How to complete this task:
Search the records for the string "Projector". Copy each line where it occurs.

*** Opening of Dataset excerpts ***

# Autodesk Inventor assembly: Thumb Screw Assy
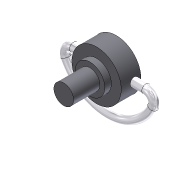
[picture p0: Inventor's stored thumbnail of the model, 180x180]
Saved by Autodesk Inventor 2011 (Build 150239000, 239)
## iProperties
Created: 2012-10-13
Part Number: Thumb Screw Assy
Document SubType Name: Assembly
Designer: Lance
Author: Lance
## Documents named in this file (3)
- C:\Inventor Projects\MPX0032 - Projector Accessories\Manfrotto 494RC2 - Tripod Head\Thumb Screw Assy.iam
- C:\Inventor Projects\MPX0032 - Projector Accessories\Manfrotto 494RC2 - Tripod Head\Thumb Screw.ipt
- C:\Inventor Projects\MPX0032 - Projector Accessories\Manfrotto 494RC2 - Tripod Head\Thumb Screw Handle.ipt
## Components (2 placed, 2 different names)
1. Thumb Screw:1 — Flush:1, Angle:1, Mate:1
2. Thumb Screw Handle:1 — Flush:1, Angle:1, Mate:1
## Relationships (3: Flush 1, Angle 1, Mate 1)
- Flush:1: Thumb Screw:1 ↔ Thumb Screw Handle:1
- Angle:1 (0 deg): Thumb Screw:1 ↔ Thumb Screw Handle:1
- Mate:1: Thumb Screw:1 ↔ Thumb Screw Handle:1

*** Close of Dataset excerpts ***

Task response:
- C:\Inventor Projects\MPX0032 - Projector Accessories\Manfrotto 494RC2 - Tripod Head\Thumb Screw Assy.iam
- C:\Inventor Projects\MPX0032 - Projector Accessories\Manfrotto 494RC2 - Tripod Head\Thumb Screw.ipt
- C:\Inventor Projects\MPX0032 - Projector Accessories\Manfrotto 494RC2 - Tripod Head\Thumb Screw Handle.ipt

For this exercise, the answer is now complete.